Automation Issue with Cisco Switches

Started by deanwebb, June 30, 2017, 01:02:28 PM

Previous topic - Next topic

deanwebb

This one's puzzling me... I'd like to see if anyone else is facing this...

NAC will use SNMP and/or CLI access to a switch to assign a switchport to a new VLAN. Every now and then on some of my switches, that access fails and I have to go in to clear by hand VLAN assignments that are no longer valid. This is only on a few switches - maybe one out of every 15 or 20 that we're doing NAC enforcement on.

I talked with a NAC engineer from another firm the other day, and she said that she's seen something similar in her environment on 3850 switches. I didn't check my switches for model, but I have checked for IOS version and the affected ones have a range of IOS versions, from 12.2(35) up to the 15.0 codetrain.

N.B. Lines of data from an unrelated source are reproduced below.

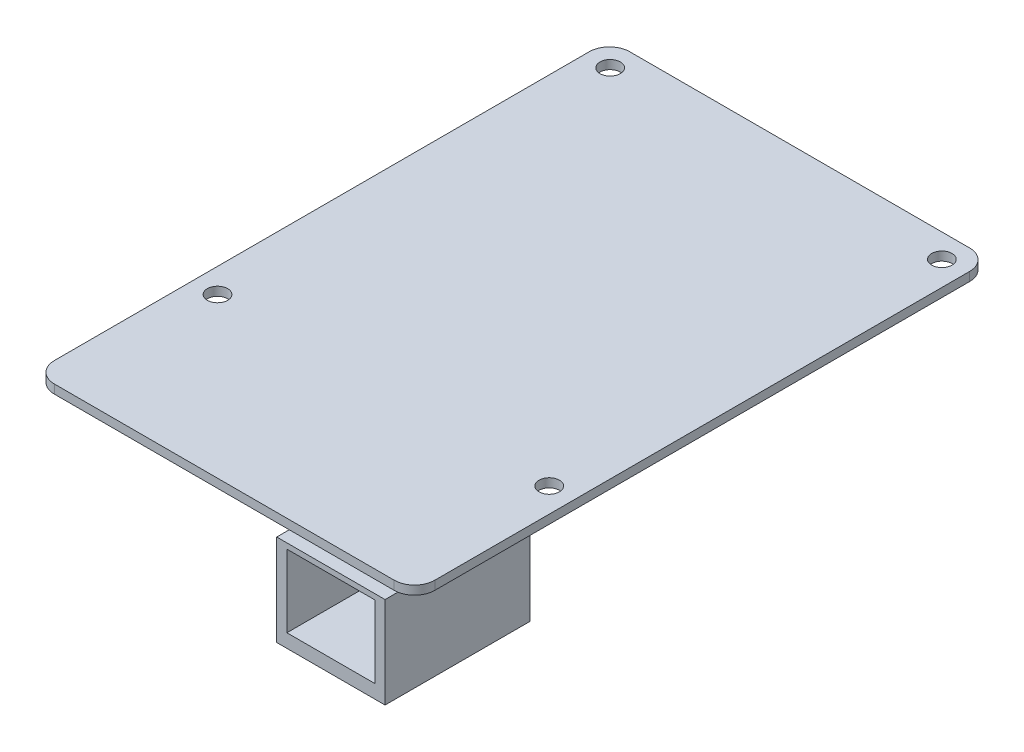
ISO-10303-21;
HEADER;
FILE_DESCRIPTION(('STEP AP214'),'2;1');
FILE_NAME('part.step','',(''),(''),'','','');
FILE_SCHEMA(('AUTOMOTIVE_DESIGN { 1 0 10303 214 1 1 1 1 }'));
ENDSEC;
DATA;
#1=APPLICATION_CONTEXT('core data for automotive mechanical design processes');
#2=APPLICATION_PROTOCOL_DEFINITION('international standard','automotive_design',2000,#1);
#3=PRODUCT_CONTEXT('',#1,'mechanical');
#4=PRODUCT('Part','Part','',(#3));
#5=PRODUCT_RELATED_PRODUCT_CATEGORY('part','',(#4));
#6=PRODUCT_DEFINITION_FORMATION('','',#4);
#7=PRODUCT_DEFINITION_CONTEXT('part definition',#1,'design');
#8=PRODUCT_DEFINITION('design','',#6,#7);
#9=PRODUCT_DEFINITION_SHAPE('','',#8);
#10=(LENGTH_UNIT() NAMED_UNIT(*) SI_UNIT(.MILLI.,.METRE.));
#11=(NAMED_UNIT(*) PLANE_ANGLE_UNIT() SI_UNIT($,.RADIAN.));
#12=(NAMED_UNIT(*) SI_UNIT($,.STERADIAN.) SOLID_ANGLE_UNIT());
#13=UNCERTAINTY_MEASURE_WITH_UNIT(LENGTH_MEASURE(1.E-05),#10,'distance_accuracy_value','');
#14=(GEOMETRIC_REPRESENTATION_CONTEXT(3) GLOBAL_UNCERTAINTY_ASSIGNED_CONTEXT((#13)) GLOBAL_UNIT_ASSIGNED_CONTEXT((#10,
#11,#12)) REPRESENTATION_CONTEXT('',''));
#15=CARTESIAN_POINT('',(0.,0.,0.));
#16=DIRECTION('',(0.,0.,1.));
#17=DIRECTION('',(1.,0.,0.));
#18=AXIS2_PLACEMENT_3D('',#15,#16,#17);
#19=CARTESIAN_POINT('',(0.,0.,0.));
#20=DIRECTION('',(0.,1.,0.));
#21=DIRECTION('',(0.,0.,1.));
#22=AXIS2_PLACEMENT_3D('',#19,#20,#21);
#23=PLANE('',#22);
#24=CARTESIAN_POINT('',(24.5,0.,19.));
#25=DIRECTION('',(0.,1.,0.));
#26=DIRECTION('',(0.,0.,1.));
#27=AXIS2_PLACEMENT_3D('',#24,#25,#26);
#28=CIRCLE('',#27,1.5);
#29=CARTESIAN_POINT('',(24.5,0.,20.5));
#30=VERTEX_POINT('',#29);
#31=EDGE_CURVE('E249',#30,#30,#28,.T.);
#32=ORIENTED_EDGE('',*,*,#31,.T.);
#33=EDGE_LOOP('',(#32));
#34=FACE_BOUND('',#33,.T.);
#35=CARTESIAN_POINT('',(24.5,0.,-39.));
#36=DIRECTION('',(0.,1.,0.));
#37=DIRECTION('',(0.,0.,1.));
#38=AXIS2_PLACEMENT_3D('',#35,#36,#37);
#39=CIRCLE('',#38,1.5);
#40=CARTESIAN_POINT('',(24.5,0.,-37.5));
#41=VERTEX_POINT('',#40);
#42=EDGE_CURVE('E307',#41,#41,#39,.T.);
#43=ORIENTED_EDGE('',*,*,#42,.T.);
#44=EDGE_LOOP('',(#43));
#45=FACE_BOUND('',#44,.T.);
#46=CARTESIAN_POINT('',(-24.5,0.,-39.));
#47=DIRECTION('',(0.,1.,0.));
#48=DIRECTION('',(0.,0.,1.));
#49=AXIS2_PLACEMENT_3D('',#46,#47,#48);
#50=CIRCLE('',#49,1.5);
#51=CARTESIAN_POINT('',(-24.5,0.,-37.5));
#52=VERTEX_POINT('',#51);
#53=EDGE_CURVE('E304',#52,#52,#50,.T.);
#54=ORIENTED_EDGE('',*,*,#53,.T.);
#55=EDGE_LOOP('',(#54));
#56=FACE_BOUND('',#55,.T.);
#57=CARTESIAN_POINT('',(-24.5,0.,19.));
#58=DIRECTION('',(0.,1.,0.));
#59=DIRECTION('',(0.,0.,1.));
#60=AXIS2_PLACEMENT_3D('',#57,#58,#59);
#61=CIRCLE('',#60,1.5);
#62=CARTESIAN_POINT('',(-24.5,0.,20.5));
#63=VERTEX_POINT('',#62);
#64=EDGE_CURVE('E241',#63,#63,#61,.T.);
#65=ORIENTED_EDGE('',*,*,#64,.T.);
#66=EDGE_LOOP('',(#65));
#67=FACE_BOUND('',#66,.T.);
#68=DIRECTION('',(0.,0.,-1.));
#69=VECTOR('',#68,1.);
#70=CARTESIAN_POINT('',(9.5999999999999,0.,44.35));
#71=LINE('',#70,#69);
#72=CARTESIAN_POINT('',(9.5999999999999,0.,42.5));
#73=VERTEX_POINT('',#72);
#74=CARTESIAN_POINT('',(9.5999999999999,0.,22.95));
#75=VERTEX_POINT('',#74);
#76=EDGE_CURVE('E11',#73,#75,#71,.T.);
#77=ORIENTED_EDGE('',*,*,#76,.F.);
#78=DIRECTION('',(1.,0.,0.));
#79=VECTOR('',#78,1.);
#80=CARTESIAN_POINT('',(-25.1,0.,42.5));
#81=LINE('',#80,#79);
#82=CARTESIAN_POINT('',(-25.1,0.,42.5));
#83=VERTEX_POINT('',#82);
#84=EDGE_CURVE('E262',#83,#73,#81,.T.);
#85=ORIENTED_EDGE('',*,*,#84,.F.);
#86=CARTESIAN_POINT('',(-25.1,0.,39.5));
#87=DIRECTION('',(0.,1.,0.));
#88=DIRECTION('',(0.,0.,1.));
#89=AXIS2_PLACEMENT_3D('',#86,#87,#88);
#90=CIRCLE('',#89,2.99999999999999);
#91=CARTESIAN_POINT('',(-28.1,0.,39.5));
#92=VERTEX_POINT('',#91);
#93=EDGE_CURVE('E267',#92,#83,#90,.T.);
#94=ORIENTED_EDGE('',*,*,#93,.F.);
#95=DIRECTION('',(0.,0.,1.));
#96=VECTOR('',#95,1.);
#97=CARTESIAN_POINT('',(-28.1,0.,-39.5));
#98=LINE('',#97,#96);
#99=CARTESIAN_POINT('',(-28.1,0.,-39.5));
#100=VERTEX_POINT('',#99);
#101=EDGE_CURVE('E271',#100,#92,#98,.T.);
#102=ORIENTED_EDGE('',*,*,#101,.F.);
#103=CARTESIAN_POINT('',(-25.1,0.,-39.5));
#104=DIRECTION('',(0.,1.,0.));
#105=DIRECTION('',(0.,0.,1.));
#106=AXIS2_PLACEMENT_3D('',#103,#104,#105);
#107=CIRCLE('',#106,2.99999999999998);
#108=CARTESIAN_POINT('',(-25.1,0.,-42.5));
#109=VERTEX_POINT('',#108);
#110=EDGE_CURVE('E40',#109,#100,#107,.T.);
#111=ORIENTED_EDGE('',*,*,#110,.F.);
#112=DIRECTION('',(-1.,0.,0.));
#113=VECTOR('',#112,1.);
#114=CARTESIAN_POINT('',(25.1,0.,-42.5));
#115=LINE('',#114,#113);
#116=CARTESIAN_POINT('',(25.1,0.,-42.5));
#117=VERTEX_POINT('',#116);
#118=EDGE_CURVE('E224',#117,#109,#115,.T.);
#119=ORIENTED_EDGE('',*,*,#118,.F.);
#120=CARTESIAN_POINT('',(25.1,0.,-39.5));
#121=DIRECTION('',(0.,1.,0.));
#122=DIRECTION('',(0.,0.,1.));
#123=AXIS2_PLACEMENT_3D('',#120,#121,#122);
#124=CIRCLE('',#123,2.99999999999999);
#125=CARTESIAN_POINT('',(28.1,0.,-39.5));
#126=VERTEX_POINT('',#125);
#127=EDGE_CURVE('E246',#126,#117,#124,.T.);
#128=ORIENTED_EDGE('',*,*,#127,.F.);
#129=DIRECTION('',(0.,0.,-1.));
#130=VECTOR('',#129,1.);
#131=CARTESIAN_POINT('',(28.1,0.,39.5));
#132=LINE('',#131,#130);
#133=CARTESIAN_POINT('',(28.1,0.,39.5));
#134=VERTEX_POINT('',#133);
#135=EDGE_CURVE('E253',#134,#126,#132,.T.);
#136=ORIENTED_EDGE('',*,*,#135,.F.);
#137=CARTESIAN_POINT('',(25.1,0.,39.5));
#138=DIRECTION('',(0.,1.,0.));
#139=DIRECTION('',(0.,0.,1.));
#140=AXIS2_PLACEMENT_3D('',#137,#138,#139);
#141=CIRCLE('',#140,2.99999999999999);
#142=CARTESIAN_POINT('',(25.5999999999999,0.,42.4580398915498));
#143=VERTEX_POINT('',#142);
#144=EDGE_CURVE('E261',#143,#134,#141,.T.);
#145=ORIENTED_EDGE('',*,*,#144,.F.);
#146=DIRECTION('',(0.,0.,1.));
#147=VECTOR('',#146,1.);
#148=CARTESIAN_POINT('',(25.5999999999999,0.,22.95));
#149=LINE('',#148,#147);
#150=CARTESIAN_POINT('',(25.5999999999999,0.,22.95));
#151=VERTEX_POINT('',#150);
#152=EDGE_CURVE('E209',#151,#143,#149,.T.);
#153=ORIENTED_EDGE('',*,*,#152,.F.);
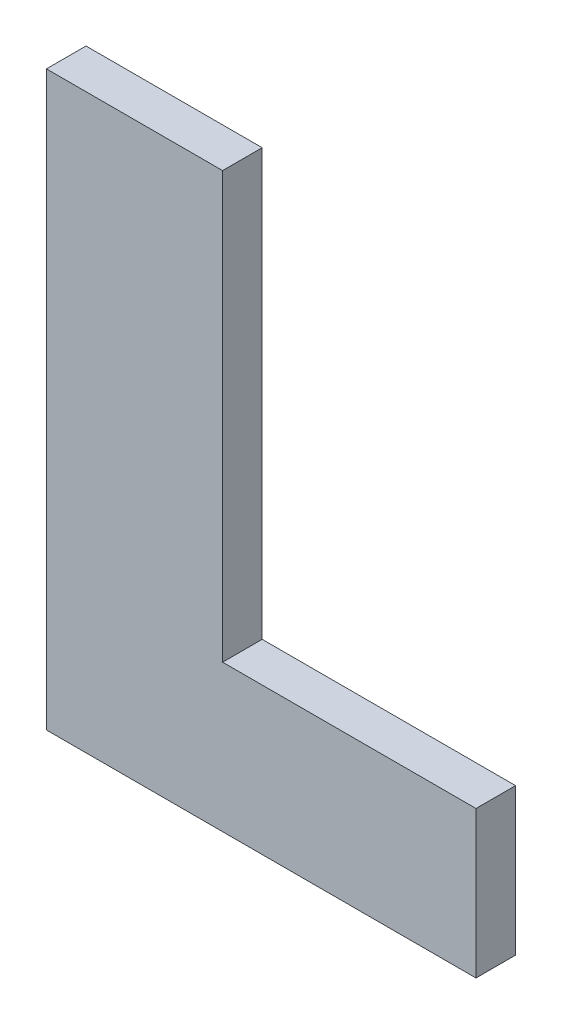
ISO-10303-21;
HEADER;
FILE_DESCRIPTION(('STEP AP214'),'2;1');
FILE_NAME('part.step','',(''),(''),'','','');
FILE_SCHEMA(('AUTOMOTIVE_DESIGN { 1 0 10303 214 1 1 1 1 }'));
ENDSEC;
DATA;
#1=APPLICATION_CONTEXT('core data for automotive mechanical design processes');
#2=APPLICATION_PROTOCOL_DEFINITION('international standard','automotive_design',2000,#1);
#3=PRODUCT_CONTEXT('',#1,'mechanical');
#4=PRODUCT('Part','Part','',(#3));
#5=PRODUCT_RELATED_PRODUCT_CATEGORY('part','',(#4));
#6=PRODUCT_DEFINITION_FORMATION('','',#4);
#7=PRODUCT_DEFINITION_CONTEXT('part definition',#1,'design');
#8=PRODUCT_DEFINITION('design','',#6,#7);
#9=PRODUCT_DEFINITION_SHAPE('','',#8);
#10=(LENGTH_UNIT() NAMED_UNIT(*) SI_UNIT(.MILLI.,.METRE.));
#11=(NAMED_UNIT(*) PLANE_ANGLE_UNIT() SI_UNIT($,.RADIAN.));
#12=(NAMED_UNIT(*) SI_UNIT($,.STERADIAN.) SOLID_ANGLE_UNIT());
#13=UNCERTAINTY_MEASURE_WITH_UNIT(LENGTH_MEASURE(1.E-05),#10,'distance_accuracy_value','');
#14=(GEOMETRIC_REPRESENTATION_CONTEXT(3) GLOBAL_UNCERTAINTY_ASSIGNED_CONTEXT((#13)) GLOBAL_UNIT_ASSIGNED_CONTEXT((#10,
#11,#12)) REPRESENTATION_CONTEXT('',''));
#15=CARTESIAN_POINT('',(0.,0.,0.));
#16=DIRECTION('',(0.,0.,1.));
#17=DIRECTION('',(1.,0.,0.));
#18=AXIS2_PLACEMENT_3D('',#15,#16,#17);
#19=CARTESIAN_POINT('',(0.,0.,0.05));
#20=DIRECTION('',(0.,0.,1.));
#21=DIRECTION('',(1.,0.,0.));
#22=AXIS2_PLACEMENT_3D('',#19,#20,#21);
#23=PLANE('',#22);
#24=DIRECTION('',(1.,0.,0.));
#25=VECTOR('',#24,1.);
#26=CARTESIAN_POINT('',(4.551172,0.839978,0.05));
#27=LINE('',#26,#25);
#28=CARTESIAN_POINT('',(4.231132,0.839978,0.05));
#29=VERTEX_POINT('',#28);
#30=CARTESIAN_POINT('',(4.551172,0.839978,0.05));
#31=VERTEX_POINT('',#30);
#32=EDGE_CURVE('E82',#29,#31,#27,.T.);
#33=ORIENTED_EDGE('',*,*,#32,.F.);
#34=DIRECTION('',(0.,1.,0.));
#35=VECTOR('',#34,1.);
#36=CARTESIAN_POINT('',(4.231132,0.839978,0.05));
#37=LINE('',#36,#35);
#38=CARTESIAN_POINT('',(4.231132,1.377696,0.05));
#39=VERTEX_POINT('',#38);
#40=EDGE_CURVE('E20',#39,#29,#37,.F.);
#41=ORIENTED_EDGE('',*,*,#40,.F.);
#42=DIRECTION('',(1.,0.,0.));
#43=VECTOR('',#42,1.);
#44=CARTESIAN_POINT('',(4.231132,1.377696,0.05));
#45=LINE('',#44,#43);
#46=CARTESIAN_POINT('',(4.008628,1.377696,0.05));
#47=VERTEX_POINT('',#46);
#48=EDGE_CURVE('E71',#47,#39,#45,.T.);
#49=ORIENTED_EDGE('',*,*,#48,.F.);
#50=DIRECTION('',(0.,1.,0.));
#51=VECTOR('',#50,1.);
#52=CARTESIAN_POINT('',(4.008628,1.377696,0.05));
#53=LINE('',#52,#51);
#54=CARTESIAN_POINT('',(4.008628,0.654558,0.05));
#55=VERTEX_POINT('',#54);
#56=EDGE_CURVE('E66',#55,#47,#53,.T.);
#57=ORIENTED_EDGE('',*,*,#56,.F.);
#58=DIRECTION('',(1.,0.,0.));
#59=VECTOR('',#58,1.);
#60=CARTESIAN_POINT('',(4.008628,0.654558,0.05));
#61=LINE('',#60,#59);
#62=CARTESIAN_POINT('',(4.551172,0.654558,0.05));
#63=VERTEX_POINT('',#62);
#64=EDGE_CURVE('E93',#63,#55,#61,.F.);
#65=ORIENTED_EDGE('',*,*,#64,.F.);
#66=DIRECTION('',(0.,1.,0.));
#67=VECTOR('',#66,1.);
#68=CARTESIAN_POINT('',(4.551172,0.654558,0.05));
#69=LINE('',#68,#67);
#70=EDGE_CURVE('E97',#31,#63,#69,.F.);
#71=ORIENTED_EDGE('',*,*,#70,.F.);
#72=EDGE_LOOP('',(#33,#41,#49,#57,#65,#71));
#73=FACE_BOUND('',#72,.T.);
#74=ADVANCED_FACE('F17',(#73),#23,.T.);
#75=CARTESIAN_POINT('',(4.231132,0.839978,0.));
#76=DIRECTION('',(1.,0.,0.));
#77=DIRECTION('',(0.,0.,-1.));
#78=AXIS2_PLACEMENT_3D('',#75,#76,#77);
#79=PLANE('',#78);
#80=DIRECTION('',(0.,0.,1.));
#81=VECTOR('',#80,1.);
#82=CARTESIAN_POINT('',(4.231132,0.839978,0.));
#83=LINE('',#82,#81);
#84=CARTESIAN_POINT('',(4.231132,0.839978,0.));
#85=VERTEX_POINT('',#84);
#86=EDGE_CURVE('E101',#85,#29,#83,.T.);
#87=ORIENTED_EDGE('',*,*,#86,.F.);
#88=DIRECTION('',(0.,1.,0.));
#89=VECTOR('',#88,1.);
#90=CARTESIAN_POINT('',(4.231132,0.,0.));
#91=LINE('',#90,#89);
#92=CARTESIAN_POINT('',(4.231132,1.377696,0.));
#93=VERTEX_POINT('',#92);
#94=EDGE_CURVE('E88',#85,#93,#91,.T.);
#95=ORIENTED_EDGE('',*,*,#94,.T.);
#96=DIRECTION('',(0.,0.,1.));
#97=VECTOR('',#96,1.);
#98=CARTESIAN_POINT('',(4.231132,1.377696,0.));
#99=LINE('',#98,#97);
#100=EDGE_CURVE('E76',#39,#93,#99,.F.);
#101=ORIENTED_EDGE('',*,*,#100,.F.);
#102=ORIENTED_EDGE('',*,*,#40,.T.);
#103=EDGE_LOOP('',(#87,#95,#101,#102));
#104=FACE_BOUND('',#103,.T.);
#105=ADVANCED_FACE('F87',(#104),#79,.T.);
#106=CARTESIAN_POINT('',(4.231132,1.377696,0.));
#107=DIRECTION('',(0.,1.,0.));
#108=DIRECTION('',(0.,0.,1.));
#109=AXIS2_PLACEMENT_3D('',#106,#107,#108);
#110=PLANE('',#109);
#111=ORIENTED_EDGE('',*,*,#100,.T.);
#112=DIRECTION('',(1.,0.,0.));
#113=VECTOR('',#112,1.);
#114=CARTESIAN_POINT('',(0.,1.377696,0.));
#115=LINE('',#114,#113);
#116=CARTESIAN_POINT('',(4.008628,1.377696,0.));
#117=VERTEX_POINT('',#116);
#118=EDGE_CURVE('E106',#93,#117,#115,.F.);
#119=ORIENTED_EDGE('',*,*,#118,.T.);
#120=DIRECTION('',(0.,0.,1.));
#121=VECTOR('',#120,1.);
#122=CARTESIAN_POINT('',(4.008628,1.377696,0.));
#123=LINE('',#122,#121);
#124=EDGE_CURVE('E78',#47,#117,#123,.F.);
#125=ORIENTED_EDGE('',*,*,#124,.F.);
#126=ORIENTED_EDGE('',*,*,#48,.T.);
#127=EDGE_LOOP('',(#111,#119,#125,#126));
#128=FACE_BOUND('',#127,.T.);
#129=ADVANCED_FACE('F73',(#128),#110,.T.);
#130=CARTESIAN_POINT('',(4.008628,1.377696,0.));
#131=DIRECTION('',(-1.,0.,0.));
#132=DIRECTION('',(0.,0.,1.));
#133=AXIS2_PLACEMENT_3D('',#130,#131,#132);
#134=PLANE('',#133);
#135=ORIENTED_EDGE('',*,*,#124,.T.);
#136=DIRECTION('',(0.,1.,0.));
#137=VECTOR('',#136,1.);
#138=CARTESIAN_POINT('',(4.008628,0.,0.));
#139=LINE('',#138,#137);
#140=CARTESIAN_POINT('',(4.008628,0.654558,0.));
#141=VERTEX_POINT('',#140);
#142=EDGE_CURVE('E108',#117,#141,#139,.F.);
#143=ORIENTED_EDGE('',*,*,#142,.T.);
#144=DIRECTION('',(0.,0.,-1.));
#145=VECTOR('',#144,1.);
#146=CARTESIAN_POINT('',(4.008628,0.654558,0.));
#147=LINE('',#146,#145);
#148=EDGE_CURVE('E95',#55,#141,#147,.T.);
#149=ORIENTED_EDGE('',*,*,#148,.F.);
#150=ORIENTED_EDGE('',*,*,#56,.T.);
#151=EDGE_LOOP('',(#135,#143,#149,#150));
#152=FACE_BOUND('',#151,.T.);
#153=ADVANCED_FACE('F126',(#152),#134,.T.);
#154=CARTESIAN_POINT('',(4.008628,0.654558,0.));
#155=DIRECTION('',(0.,-1.,0.));
#156=DIRECTION('',(0.,0.,-1.));
#157=AXIS2_PLACEMENT_3D('',#154,#155,#156);
#158=PLANE('',#157);
#159=ORIENTED_EDGE('',*,*,#148,.T.);
#160=DIRECTION('',(1.,0.,0.));
#161=VECTOR('',#160,1.);
#162=CARTESIAN_POINT('',(0.,0.654558,0.));
#163=LINE('',#162,#161);
#164=CARTESIAN_POINT('',(4.551172,0.654558,0.));
#165=VERTEX_POINT('',#164);
#166=EDGE_CURVE('E111',#141,#165,#163,.T.);
#167=ORIENTED_EDGE('',*,*,#166,.T.);
#168=DIRECTION('',(0.,0.,-1.));
#169=VECTOR('',#168,1.);
#170=CARTESIAN_POINT('',(4.551172,0.654558,0.));
#171=LINE('',#170,#169);
#172=EDGE_CURVE('E99',#63,#165,#171,.T.);
#173=ORIENTED_EDGE('',*,*,#172,.F.);
#174=ORIENTED_EDGE('',*,*,#64,.T.);
#175=EDGE_LOOP('',(#159,#167,#173,#174));
#176=FACE_BOUND('',#175,.T.);
#177=ADVANCED_FACE('F124',(#176),#158,.T.);
#178=CARTESIAN_POINT('',(4.551172,0.654558,0.));
#179=DIRECTION('',(1.,0.,0.));
#180=DIRECTION('',(0.,0.,-1.));
#181=AXIS2_PLACEMENT_3D('',#178,#179,#180);
#182=PLANE('',#181);
#183=ORIENTED_EDGE('',*,*,#172,.T.);
#184=DIRECTION('',(0.,1.,0.));
#185=VECTOR('',#184,1.);
#186=CARTESIAN_POINT('',(4.551172,0.,0.));
#187=LINE('',#186,#185);
#188=CARTESIAN_POINT('',(4.551172,0.839978,0.));
#189=VERTEX_POINT('',#188);
#190=EDGE_CURVE('E26',#165,#189,#187,.T.);
#191=ORIENTED_EDGE('',*,*,#190,.T.);
#192=DIRECTION('',(0.,0.,1.));
#193=VECTOR('',#192,1.);
#194=CARTESIAN_POINT('',(4.551172,0.839978,0.));
#195=LINE('',#194,#193);
#196=EDGE_CURVE('E34',#31,#189,#195,.F.);
#197=ORIENTED_EDGE('',*,*,#196,.F.);
#198=ORIENTED_EDGE('',*,*,#70,.T.);
#199=EDGE_LOOP('',(#183,#191,#197,#198));
#200=FACE_BOUND('',#199,.T.);
#201=ADVANCED_FACE('F117',(#200),#182,.T.);
#202=CARTESIAN_POINT('',(4.551172,0.839978,0.));
#203=DIRECTION('',(0.,1.,0.));
#204=DIRECTION('',(0.,0.,1.));
#205=AXIS2_PLACEMENT_3D('',#202,#203,#204);
#206=PLANE('',#205);
#207=ORIENTED_EDGE('',*,*,#196,.T.);
#208=DIRECTION('',(1.,0.,0.));
#209=VECTOR('',#208,1.);
#210=CARTESIAN_POINT('',(0.,0.839978,0.));
#211=LINE('',#210,#209);
#212=EDGE_CURVE('E11',#189,#85,#211,.F.);
#213=ORIENTED_EDGE('',*,*,#212,.T.);
#214=ORIENTED_EDGE('',*,*,#86,.T.);
#215=ORIENTED_EDGE('',*,*,#32,.T.);
#216=EDGE_LOOP('',(#207,#213,#214,#215));
#217=FACE_BOUND('',#216,.T.);
#218=ADVANCED_FACE('F127',(#217),#206,.T.);
#219=CARTESIAN_POINT('',(0.,0.,0.));
#220=DIRECTION('',(0.,0.,1.));
#221=DIRECTION('',(1.,0.,0.));
#222=AXIS2_PLACEMENT_3D('',#219,#220,#221);
#223=PLANE('',#222);
#224=ORIENTED_EDGE('',*,*,#190,.F.);
#225=ORIENTED_EDGE('',*,*,#166,.F.);
#226=ORIENTED_EDGE('',*,*,#142,.F.);
#227=ORIENTED_EDGE('',*,*,#118,.F.);
#228=ORIENTED_EDGE('',*,*,#94,.F.);
#229=ORIENTED_EDGE('',*,*,#212,.F.);
#230=EDGE_LOOP('',(#224,#225,#226,#227,#228,#229));
#231=FACE_BOUND('',#230,.T.);
#232=ADVANCED_FACE('F121',(#231),#223,.F.);
#233=CLOSED_SHELL('',(#74,#105,#129,#153,#177,#201,#218,#232));
#234=MANIFOLD_SOLID_BREP('B1',#233);
#235=ADVANCED_BREP_SHAPE_REPRESENTATION('',(#18,#234),#14);
#236=SHAPE_DEFINITION_REPRESENTATION(#9,#235);
ENDSEC;
END-ISO-10303-21;

I'm wondering, for those of you that do Prime and/or other automation tools, do you ever see a time where a switch just stops responding properly?
Take a baseball bat and trash all the routers, shout out "IT'S A NETWORK PROBLEM NOW, SUCKERS!" and then peel out of the parking lot in your Ferrari.
"The world could perish if people only worked on things that were easy to handle." -- Vladimir Savchenko
Вопросы есть? Вопросов нет! | BCEB: Belkin Certified Expert Baffler | "Plan B is Plan A with an element of panic." -- John Clarke
Accounting is architecture, remember that!
Air gaps are high-latency Internet connections.

mlan

We have dabbled in EEM scripting, and have seen random failures where the switch fails to execute the commands properly.  We had difficulty pinning a root cause, but I wonder if the switch CPU is busy at the time, and the command script times out waiting for a response.

deanwebb

Quote from: mlan on June 30, 2017, 04:16:22 PM
We have dabbled in EEM scripting, and have seen random failures where the switch fails to execute the commands properly.  We had difficulty pinning a root cause, but I wonder if the switch CPU is busy at the time, and the command script times out waiting for a response.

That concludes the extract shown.